Question

A current $I$ is flowing through the loop. The direction of the current and the shape of the loop are as shown in the figure. The magnetic field at the centre of the loop is $\dfrac{\mu_{0}I}{R}$ times ($MA=R,MB=2R$ and $\angle DMA=90^{\circ}$).

\[\begin{align}
  & A.\dfrac{5}{16}\text{ but out of the plane of the paper} \\
 & \text{B}\text{.}\dfrac{5}{16}\text{ but into the plane of the paper} \\
 & \text{C}\text{.}\dfrac{7}{16}\text{ but out of the plane of the paper} \\
 & \text{D}\text{.}\dfrac{7}{16}\text{ but into the plane of the paper} \\
\end{align}\]

Answer 1

Hint: To solve this question we need to make use to the Biot-Savart law, which gives the relation between the current flowing in a conductor and the magnetic it produces.
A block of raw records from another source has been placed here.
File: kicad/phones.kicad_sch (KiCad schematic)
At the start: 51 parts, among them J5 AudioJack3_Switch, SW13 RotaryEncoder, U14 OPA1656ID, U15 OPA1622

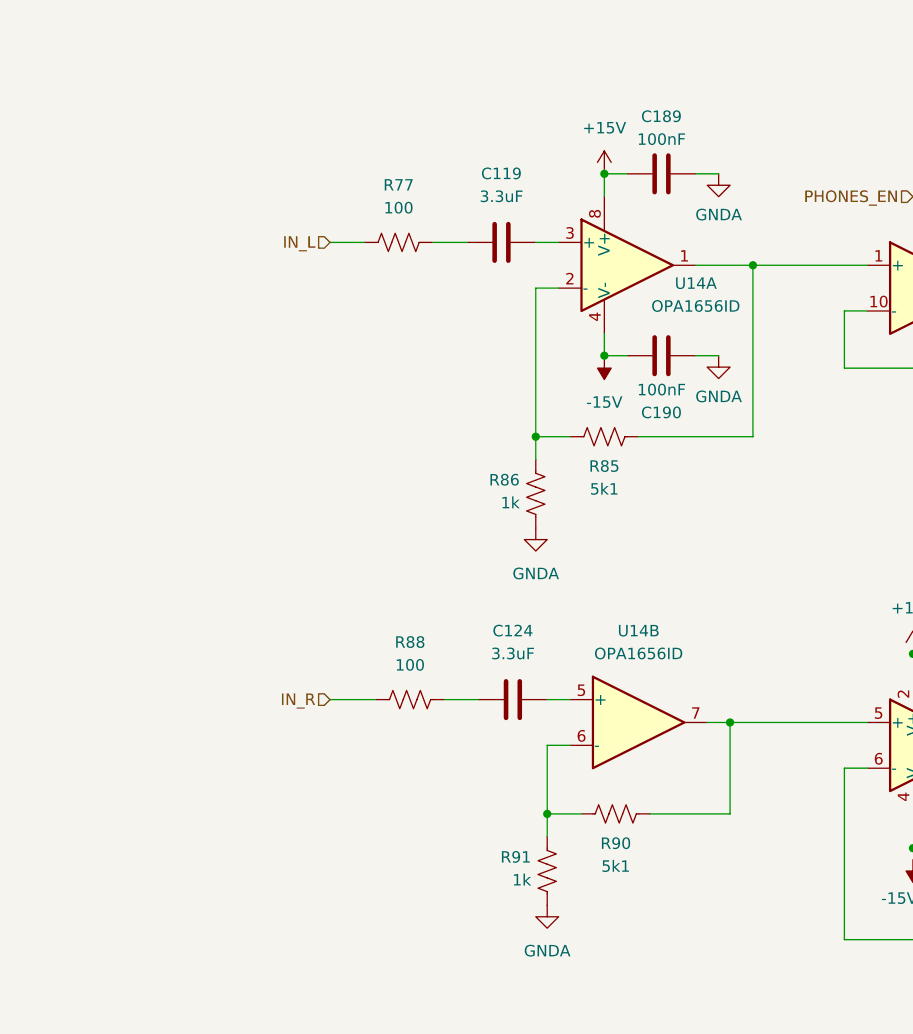
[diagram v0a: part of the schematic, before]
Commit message: output stage impedances
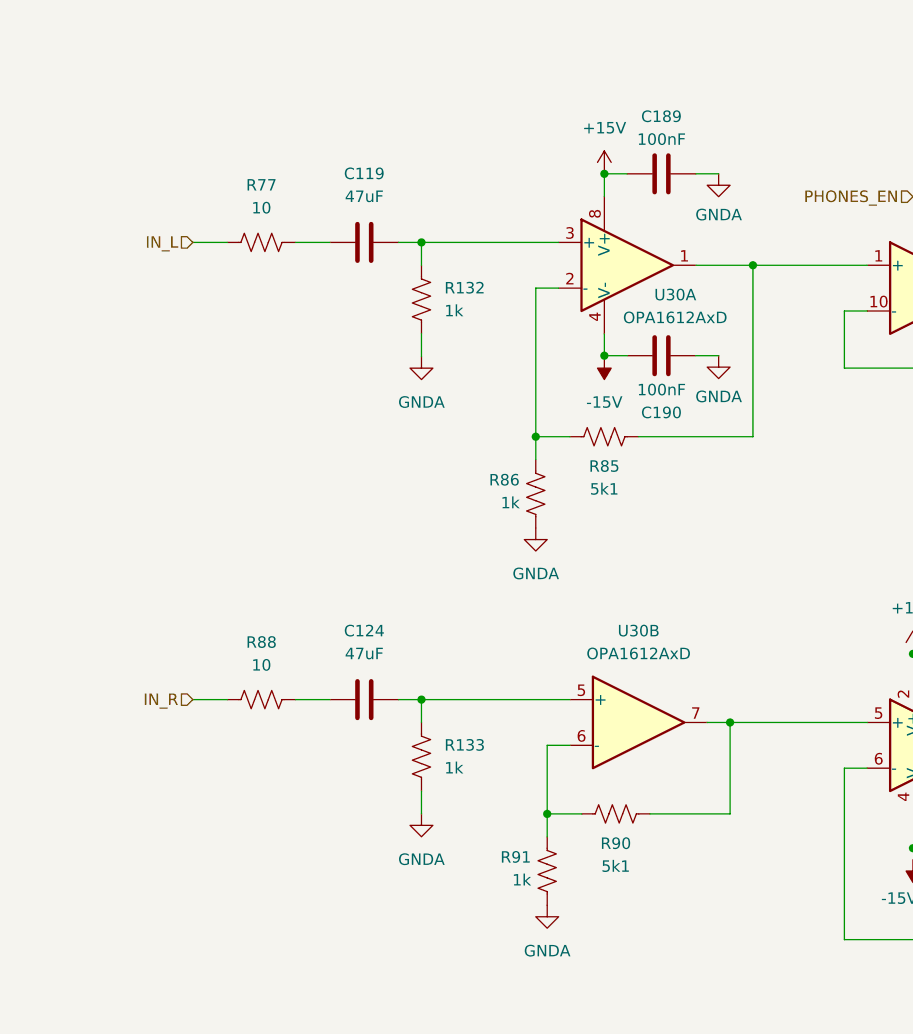
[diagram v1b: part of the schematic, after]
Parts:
- removed U14: OPA1656ID, Package_SO:SOIC-8_3.9x4.9mm_P1.27mm, symbol Amplifier_Operational:OPA1656ID
- added R132, R133: 1k, symbol Device:R_US
- added U30: OPA1612AxD, symbol Amplifier_Operational:OPA1612AxD
- C119, C124: value 3.3uF -> 47uF
- R77, R88: value 100 -> 10
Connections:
- net +15V: now also U30.8 (V+)
- net -15V: now also U30.4 (V-)
- net GNDA: now also R132.1, R133.1
- net at C124.2: now also R133.2, U30.5 (+)
- net at R90.2, R91.1: now also U30.6 (-)
- net at R90.1, U15.5 (+): now also U30.7
- net at C119.2: now also R132.2, U30.3 (+)
- net at R85.1, U15.1 (+): now also U30.1
- net at R85.2, R86.1: now also U30.2 (-)
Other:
- moved on the sheet: C119, R77

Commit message: #16
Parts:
- C120, C121: value 0.01uF -> 10nF
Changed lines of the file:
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@@
 			)
 		)
-		(property "Value" "0.01uF"
+		(property "Value" "10nF"
 			(at 241.3 106.6799 0)
 			(show_name no)
@@
 			)
 		)
-		(property "Value" "0.01uF"
+		(property "Value" "10nF"
 			(at 213.36 106.6799 0)
 			(show_name no)

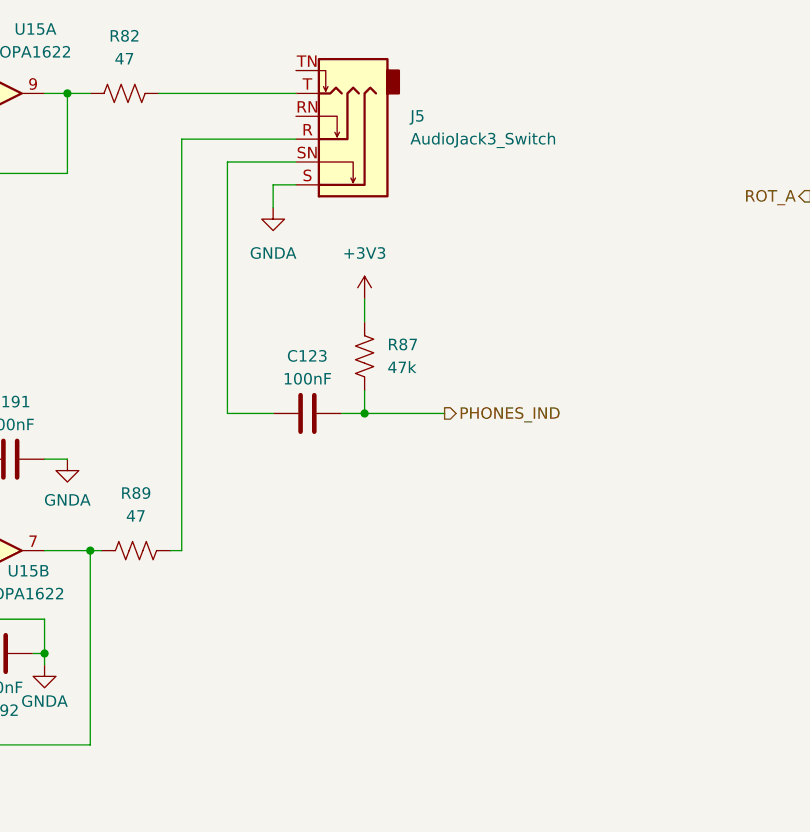
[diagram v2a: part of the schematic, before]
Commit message: push buttons
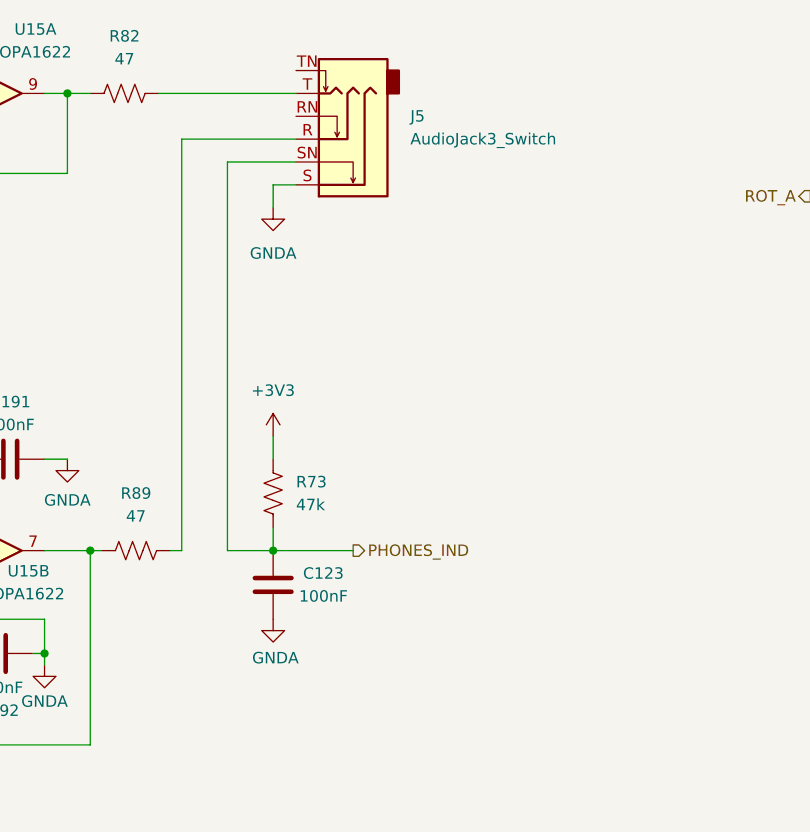
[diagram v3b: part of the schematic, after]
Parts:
- removed R87: 47k, symbol Device:R_US
- added R73: 47k, symbol Device:R_US
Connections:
- net +3V3: now also R73.1
- net GNDA: now also C123.2
- net PHONES_IND: now also C123.1, J5.SN, R73.2; no longer C123.2

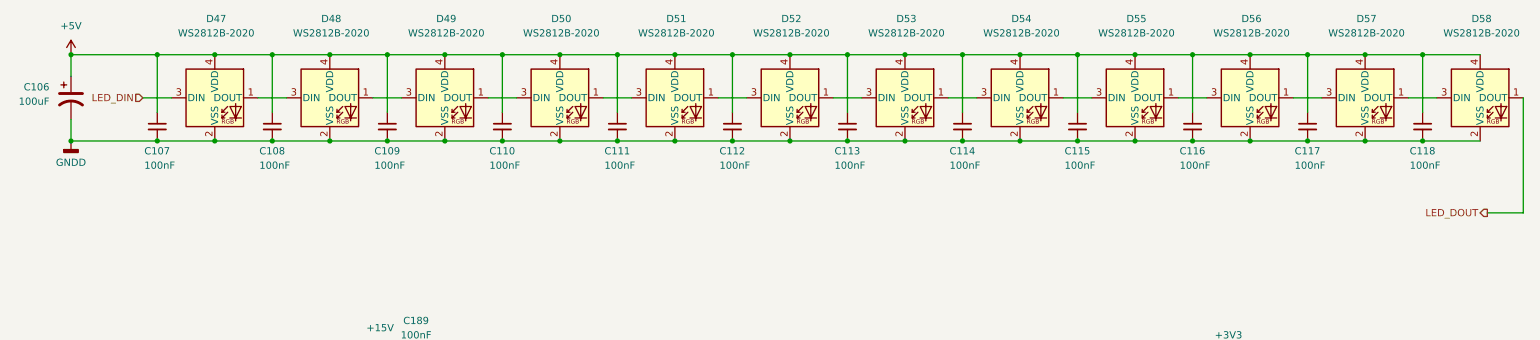
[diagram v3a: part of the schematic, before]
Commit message: reduced ws2812 count
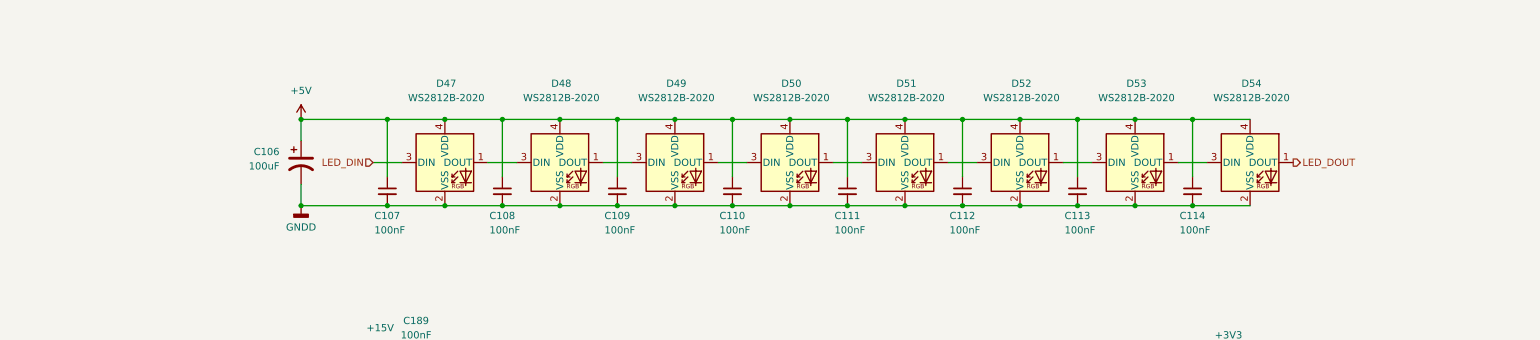
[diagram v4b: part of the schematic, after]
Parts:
- removed C115, C116, C117, C118: 100nF, symbol Device:C_Small
- removed D55, D56, D57, D58: WS2812B-2020, LED_SMD:LED_WS2812B-2020_PLCC4_2.0x2.0mm, symbol LED:WS2812B-2020
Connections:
- net LED_DOUT: now also D54.1 (DOUT)
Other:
- moved on the sheet: C106, C107, C108, C109, C110, C111, C112, C113, C114, D47, D48, D49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

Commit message: added footprints
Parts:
- SW13: footprint (none) -> openmic:PEC11L
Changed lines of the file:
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@@
 			)
 		)
-		(property "Footprint" ""
+		(property "Footprint" "openmic:PEC11L"
 			(at 223.266 95.25 0)
 			(hide yes)

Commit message: footprint selection
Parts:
- removed C106: 100uF, symbol Device:C_Polarized_US
- removed C119, C124: 47uF, symbol Device:C
- added C12: 100uF, Capacitor_SMD:CP_Elec_6.3x5.4, symbol Device:C_Polarized_US
- added C18, C27: 47uF, Capacitor_SMD:CP_Elec_6.3x5.4, symbol Device:C_Polarized_US
- C107, C108, C109, C110, C111, C112, C113, C114, C120, C121, C123, C189, C190, C191, C192: footprint (none) -> Capacitor_SMD:C_0603_1608Metric_Pad1.08x0.95mm_HandSolder
- R132, R133, R73, R77, R78, R79, R82, R83, R84, R85, R86, R88, R89, R90, R91: footprint (none) -> Resistor_SMD:R_0603_1608Metric_Pad0.98x0.95mm_HandSolder
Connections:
- net +5V: now also C12.1
- net GNDD: now also C12.2
- net at R77.2: now also C18.1
- net at R132.2, U30.3 (+): now also C18.2
- net at R133.2, U30.5 (+): now also C27.2
- net at R88.2: now also C27.1

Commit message: footprints
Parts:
- removed J5: AudioJack3_Switch, symbol Connector_Audio:AudioJack3_Switch
- added J8: NMJ6HHD2, Connector_Audio:Jack_6.35mm_Neutrik_NMJ6HHD2_Horizontal, symbol Connector_Audio:NMJ6HHD2
- U30: footprint (none) -> Package_SO:SOIC-8_3.9x4.9mm_P1.27mm
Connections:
- net GNDA: now also J8.S
- net PHONES_IND: now also J8.SN
- net at R82.2: now also J8.T
- net at R89.2: now also J8.R
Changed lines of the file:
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@@
 			)
 		)
-		(property "Footprint" ""
+		(property "Footprint" "Package_SO:SOIC-8_3.9x4.9mm_P1.27mm"
 			(at 80.01 85.09 0)
 			(hide yes)
@@
 			)
 		)
-		(property "Footprint" ""
+		(property "Footprint" "Package_SO:SOIC-8_3.9x4.9mm_P1.27mm"
 			(at 81.28 135.89 0)
 			(hide yes)
@@
 			)
 		)
-		(property "Footprint" ""
+		(property "Footprint" "Package_SO:SOIC-8_3.9x4.9mm_P1.27mm"
 			(at 80.01 85.09 0)
 			(hide yes)
@@
 	)
 	(symbol
-		(lib_id "Connector_Audio:AudioJack3_Switch")
-		(at 154.94 92.71 180)
-		(unit 1)
-		(body_style 1)
-		(exclude_from_sim no)
-		(in_bom yes)
-		(on_board yes)
-		(in_pos_files yes)
-		(dnp no)
-		(fields_autoplaced yes)
-		(property "Reference" "J5"
-			(at 162.56 90.1699 0)
-			(show_name no)
-			(do_not_autoplace no)
-			(effects
-				(font
-					(size 1.27 1.27)
-				)
-				(justify right)
-			)
-		)
-		(property "Value" "AudioJack3_Switch"
-			(at 162.56 92.7099 0)
-			(show_name no)
-			(do_not_autoplace no)
-			(effects
-				(font
-					(size 1.27 1.27)
-				)
-				(justify right)
-			)
-		)
-		(property "Footprint" ""
-			(at 154.94 92.71 0)
-			(hide yes)
-			(show_name no)
-			(do_not_autoplace no)
-			(effects
-				(font
-					(size 1.27 1.27)
-				)
-			)
-		)
-		(property "Datasheet" ""
-			(at 154.94 92.71 0)
-			(hide yes)
-			(show_name no)
-			(do_not_autoplace no)
-			(effects
-				(font
-					(size 1.27 1.27)
-				)
-			)
-		)
-		(property "Description" "Audio Jack, 3 Poles (Stereo / TRS), Switched Poles (Normalling)"
-			(at 154.94 92.71 0)
-			(hide yes)
-			(show_name no)
-			(do_not_autoplace no)
-			(effects
-				(font
-					(size 1.27 1.27)
-				)
-			)
-		)
-		(property "KLC_S3.3" ""
-			(at 154.94 92.71 0)
-			(hide yes)
-			(show_name no)
-			(do_not_autoplace no)
-			(effects
-				(font
-					(size 1.27 1.27)
-				)
-			)
-		)
-		(property "KLC_S4.1" ""
-			(at 154.94 92.71 0)
-			(hide yes)
-			(show_name no)
-			(do_not_autoplace no)
-			(effects
-				(font
-					(size 1.27 1.27)
-				)
-			)
-		)
-		(property "Sim.Type" ""
-			(at 154.94 92.71 0)
-			(hide yes)
-			(show_name no)
-			(do_not_autoplace no)
-			(effects
-				(font
-					(size 1.27 1.27)
-				)
-			)
-		)
-		(pin "SN"
-		)
-		(pin "S"
-		)
-		(pin "R"
-		)
-		(pin "TN"
-		)
-		(pin "T"
-		)
-		(pin "RN"
-		)
-		(instances
-			(project "openmic"
-				(path "/84faeadc-8b12-4a66-a17f-5c56e5923fb8/05cfbb15-a0d0-49ca-bcdf-c51b9947646b"
-					(reference "J5")
-					(unit 1)
-				)
-			)
-		)
-	)
-	(symbol
 		(lib_id "Device:R_US")
 		(at 243.84 99.06 90)
@@
 					(unit 1)
 				)
+			)
+		)
+	)
+	(symbol
+		(lib_id "Connector_Audio:NMJ6HHD2")
+		(at 154.94 92.71 180)
+		(unit 1)
+		(body_style 1)
+		(exclude_from_sim no)
+		(in_bom yes)
+		(on_board yes)
+		(in_pos_files yes)
+		(dnp no)
+		(fields_autoplaced yes)
+		(property "Reference" "J8"
+			(at 162.56 90.1699 0)
+			(show_name no)
+			(do_not_autoplace no)
+			(effects
+				(font
+					(size 1.27 1.27)
+				)
+				(justify right)
+			)
+		)
+		(property "Value" "NMJ6HHD2"
+			(at 162.56 92.7099 0)
+			(show_name no)
+			(do_not_autoplace no)
+			(effects
+				(font
+					(size 1.27 1.27)
+				)
+				(justify right)
+			)
+		)
+		(property "Footprint" "Connector_Audio:Jack_6.35mm_Neutrik_NMJ6HHD2_Horizontal"
+			(at 154.94 92.71 0)
+			(hide yes)
+			(show_name no)
+			(do_not_autoplace no)
+			(effects
+				(font
+					(size 1.27 1.27)
+				)
+			)
+		)
+		(property "Datasheet" "https://www.neutrik.com/en/product/nmj6hhd2"
+			(at 154.94 92.71 0)
+			(hide yes)
+			(show_name no)
+			(do_not_autoplace no)
+			(effects
+				(font
+					(size 1.27 1.27)
+				)
+			)
+		)
+		(property "Description" "M Series, 6.35mm (1/4in) stereo jack, switched, with half threaded nose and offset PCB pins"
+			(at 154.94 92.71 0)
+			(hide yes)
+			(show_name no)
+			(do_not_autoplace no)
+			(effects
+				(font
+					(size 1.27 1.27)
+				)
+			)
+		)
+		(pin "TN"
+		)
+		(pin "SN"
+		)
+		(pin "S"
+		)
+		(pin "T"
+		)
+		(pin "R"
+		)
+		(pin "RN"
+		)
+		(instances
+			(project "openmic"
+				(path "/84faeadc-8b12-4a66-a17f-5c56e5923fb8/05cfbb15-a0d0-49ca-bcdf-c51b9947646b"
+					(reference "J8")
+					(unit 1)
+				)

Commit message: output schematic pdfs
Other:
- note removed: "headphones out"
- company: (none) -> OpenMic
- title: (none) -> Headphones out
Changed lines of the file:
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@@
 	(generator "eeschema")
 	(generator_version "10.0")
-	(paper "A4")
-	(text "headphones out"
-		(exclude_from_sim no)
-		(at 217.805 175.895 0)
-		(effects
-			(font
-				(size 2.54 2.54)
-			)
-			(justify left bottom)
-		)
+	(paper "USLetter")
+	(title_block
+		(title "Headphones out")
+		(date "2026-05-15")
+		(company "OpenMic")
 	)
 	(junction

Here we have a combination of two circular wires which carry the current as shown in the figure.

Formula used:
The Biot-Savart law: $dB=\dfrac{\mu_{0}IdLsin\theta}{4\pi r^{2}}$

Complete step by step answer:
We know that the magnetic field is vector thus has it both direction and magnitude .We know that the current carrying conductor produces magnetic field whose direction is given by the right hand thumb rule and the magnitude is given by the Biot-Savart law
Given a combination of curved conductors, the curve \[DA\] has radius $R$ while the curve \[BC\] has radius \[2R\].
Then, we know that the circumference of the circle is given as $2\pi r$, where $r$ is the radius of the circle.
Thus we can say that the total length due to \[DA\] as $L_{1}=\dfrac{3}{4}\times 2\pi R=\dfrac{3\pi R}{2}$
Similarly, the total length due to \[BC\] as$L_{2}=\dfrac{1}{4}\times 2\pi (2R)=\dfrac{1}{2}\pi (2 R)$

Also we know that $\theta$ is $90^{\circ}$ as the small segment of the wire is perpendicular to the radius.
Substituting the values we get the magnetic field due\[DA\] to as$B_{1}=\dfrac{\mu_{0}I}{4\pi R^{2}}\times L_{1}=\dfrac{\mu_{0}I}{4\pi R^{2}}\times\dfrac{3\pi R}{2}=\dfrac{3\mu_{0}I}{8R}$
Similarly, the magnetic field due to \[BC\] is given by $B_{2}=\dfrac{\mu_{0}I}{4\pi (2R)^2}\times L_{2}=\dfrac{\mu_{0}I}{4\pi(2 R)^{2}}\times \dfrac{\pi (2R)}{2}=\dfrac{\mu_{0}I}{16R}$
The magnetic field due to \[DC\]and\[AB\] will be $0$ as they are the current and the small segment makes an angle$0^{\circ}$ , then $sin0=0$.
Then the total magnetic field is given as, $B=B_{1}+B_{2}=\dfrac{3\mu_{0}I}{8R}+\dfrac{\mu_{0}I}{16R}=\dfrac{7\mu_{0}I}{16R}$
The direction of the magnetic field is given by right hand thumb rule. Then if we curl the fingers in the direction of the current, then the thumb points the direction of the magnetic field. Here, it points into the paper.
Hence the answer is D.\[\dfrac{7}{16}\text{ but into the plane of the paper}\]

Note:
Note the fraction of the conductors taken and use the proper radius as given. Be careful with the angle between the current and the small segment of the conductor. Be careful when giving the direction of the magnetic field produced.